# Dataset records
-*-*-
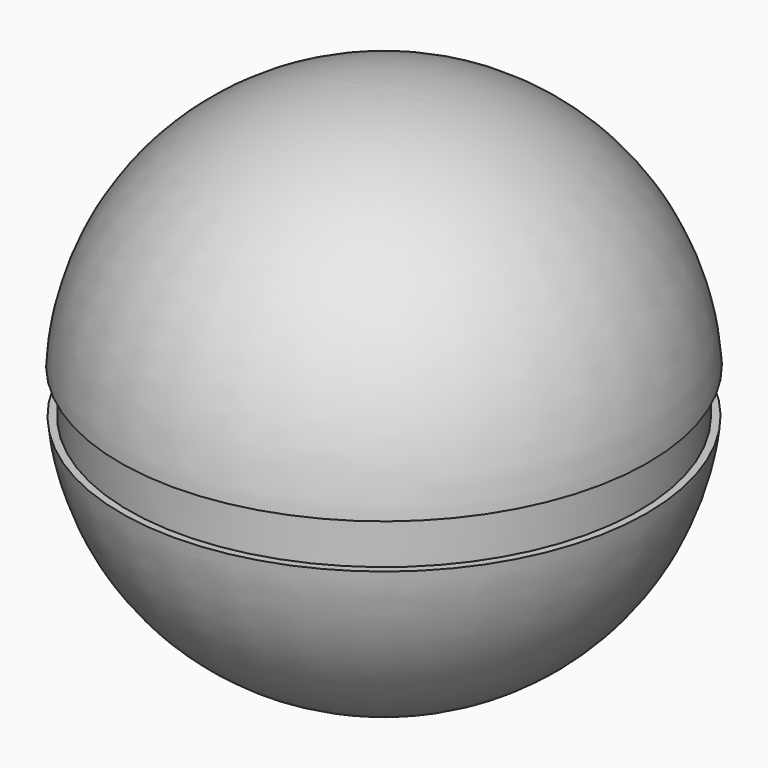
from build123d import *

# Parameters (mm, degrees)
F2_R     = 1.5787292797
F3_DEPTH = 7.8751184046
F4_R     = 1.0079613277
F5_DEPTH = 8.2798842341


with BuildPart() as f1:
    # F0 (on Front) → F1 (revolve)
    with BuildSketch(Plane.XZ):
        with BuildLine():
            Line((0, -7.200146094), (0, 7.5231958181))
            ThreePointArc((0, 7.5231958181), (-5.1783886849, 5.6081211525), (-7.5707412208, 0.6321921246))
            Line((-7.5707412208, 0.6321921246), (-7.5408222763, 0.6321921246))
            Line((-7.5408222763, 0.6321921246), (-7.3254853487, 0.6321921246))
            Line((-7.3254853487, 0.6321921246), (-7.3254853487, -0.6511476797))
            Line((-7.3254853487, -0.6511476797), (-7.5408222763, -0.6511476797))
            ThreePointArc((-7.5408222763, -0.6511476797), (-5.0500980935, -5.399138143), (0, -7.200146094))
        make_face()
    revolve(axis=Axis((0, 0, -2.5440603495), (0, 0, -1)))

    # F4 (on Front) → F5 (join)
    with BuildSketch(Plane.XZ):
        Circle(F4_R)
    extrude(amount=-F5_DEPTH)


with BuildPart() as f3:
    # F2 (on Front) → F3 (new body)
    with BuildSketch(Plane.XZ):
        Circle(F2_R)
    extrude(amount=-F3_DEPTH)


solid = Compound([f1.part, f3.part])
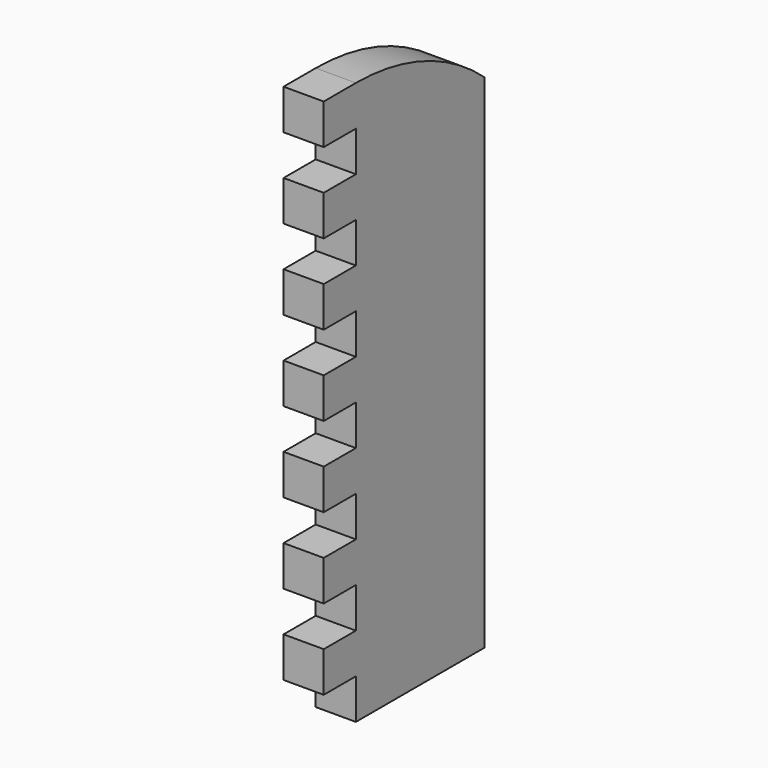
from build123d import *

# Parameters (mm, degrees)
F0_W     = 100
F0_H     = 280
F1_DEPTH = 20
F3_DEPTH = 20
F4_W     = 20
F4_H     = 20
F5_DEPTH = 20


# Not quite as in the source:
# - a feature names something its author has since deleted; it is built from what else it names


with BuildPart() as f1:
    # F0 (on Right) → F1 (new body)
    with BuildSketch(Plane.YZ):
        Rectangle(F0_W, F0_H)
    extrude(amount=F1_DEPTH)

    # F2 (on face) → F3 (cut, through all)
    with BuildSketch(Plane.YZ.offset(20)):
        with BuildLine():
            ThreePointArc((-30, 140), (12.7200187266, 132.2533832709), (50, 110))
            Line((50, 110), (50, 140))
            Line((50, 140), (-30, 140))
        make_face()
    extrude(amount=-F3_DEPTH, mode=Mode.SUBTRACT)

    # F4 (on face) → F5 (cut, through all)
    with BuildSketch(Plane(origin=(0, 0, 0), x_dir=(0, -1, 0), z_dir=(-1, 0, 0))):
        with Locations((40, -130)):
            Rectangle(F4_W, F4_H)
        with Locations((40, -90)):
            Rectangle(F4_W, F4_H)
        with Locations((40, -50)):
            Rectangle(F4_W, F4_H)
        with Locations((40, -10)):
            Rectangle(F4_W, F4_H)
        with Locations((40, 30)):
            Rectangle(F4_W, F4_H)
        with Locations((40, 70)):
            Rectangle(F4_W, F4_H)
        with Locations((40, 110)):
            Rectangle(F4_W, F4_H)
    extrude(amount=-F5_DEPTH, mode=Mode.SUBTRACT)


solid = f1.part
-*-*-
# Instructions for the task
Give every line of the listing above again, exactly, with no images.

# Task response
from build123d import *

# Parameters (mm, degrees)
F2_R     = 1.5787292797
F3_DEPTH = 7.8751184046
F4_R     = 1.0079613277
F5_DEPTH = 8.2798842341


with BuildPart() as f1:
    # F0 (on Front) → F1 (revolve)
    with BuildSketch(Plane.XZ):
        with BuildLine():
            Line((0, -7.200146094), (0, 7.5231958181))
            ThreePointArc((0, 7.5231958181), (-5.1783886849, 5.6081211525), (-7.5707412208, 0.6321921246))
            Line((-7.5707412208, 0.6321921246), (-7.5408222763, 0.6321921246))
            Line((-7.5408222763, 0.6321921246), (-7.3254853487, 0.6321921246))
            Line((-7.3254853487, 0.6321921246), (-7.3254853487, -0.6511476797))
            Line((-7.3254853487, -0.6511476797), (-7.5408222763, -0.6511476797))
            ThreePointArc((-7.5408222763, -0.6511476797), (-5.0500980935, -5.399138143), (0, -7.200146094))
        make_face()
    revolve(axis=Axis((0, 0, -2.5440603495), (0, 0, -1)))

    # F4 (on Front) → F5 (join)
    with BuildSketch(Plane.XZ):
        Circle(F4_R)
    extrude(amount=-F5_DEPTH)


with BuildPart() as f3:
    # F2 (on Front) → F3 (new body)
    with BuildSketch(Plane.XZ):
        Circle(F2_R)
    extrude(amount=-F3_DEPTH)


solid = Compound([f1.part, f3.part])
from build123d import *

# Parameters (mm, degrees)
F0_W     = 100
F0_H     = 280
F1_DEPTH = 20
F3_DEPTH = 20
F4_W     = 20
F4_H     = 20
F5_DEPTH = 20


# Not quite as in the source:
# - a feature names something its author has since deleted; it is built from what else it names


with BuildPart() as f1:
    # F0 (on Right) → F1 (new body)
    with BuildSketch(Plane.YZ):
        Rectangle(F0_W, F0_H)
    extrude(amount=F1_DEPTH)

    # F2 (on face) → F3 (cut, through all)
    with BuildSketch(Plane.YZ.offset(20)):
        with BuildLine():
            ThreePointArc((-30, 140), (12.7200187266, 132.2533832709), (50, 110))
            Line((50, 110), (50, 140))
            Line((50, 140), (-30, 140))
        make_face()
    extrude(amount=-F3_DEPTH, mode=Mode.SUBTRACT)

    # F4 (on face) → F5 (cut, through all)
    with BuildSketch(Plane(origin=(0, 0, 0), x_dir=(0, -1, 0), z_dir=(-1, 0, 0))):
        with Locations((40, -130)):
            Rectangle(F4_W, F4_H)
        with Locations((40, -90)):
            Rectangle(F4_W, F4_H)
        with Locations((40, -50)):
            Rectangle(F4_W, F4_H)
        with Locations((40, -10)):
            Rectangle(F4_W, F4_H)
        with Locations((40, 30)):
            Rectangle(F4_W, F4_H)
        with Locations((40, 70)):
            Rectangle(F4_W, F4_H)
        with Locations((40, 110)):
            Rectangle(F4_W, F4_H)
    extrude(amount=-F5_DEPTH, mode=Mode.SUBTRACT)


solid = f1.part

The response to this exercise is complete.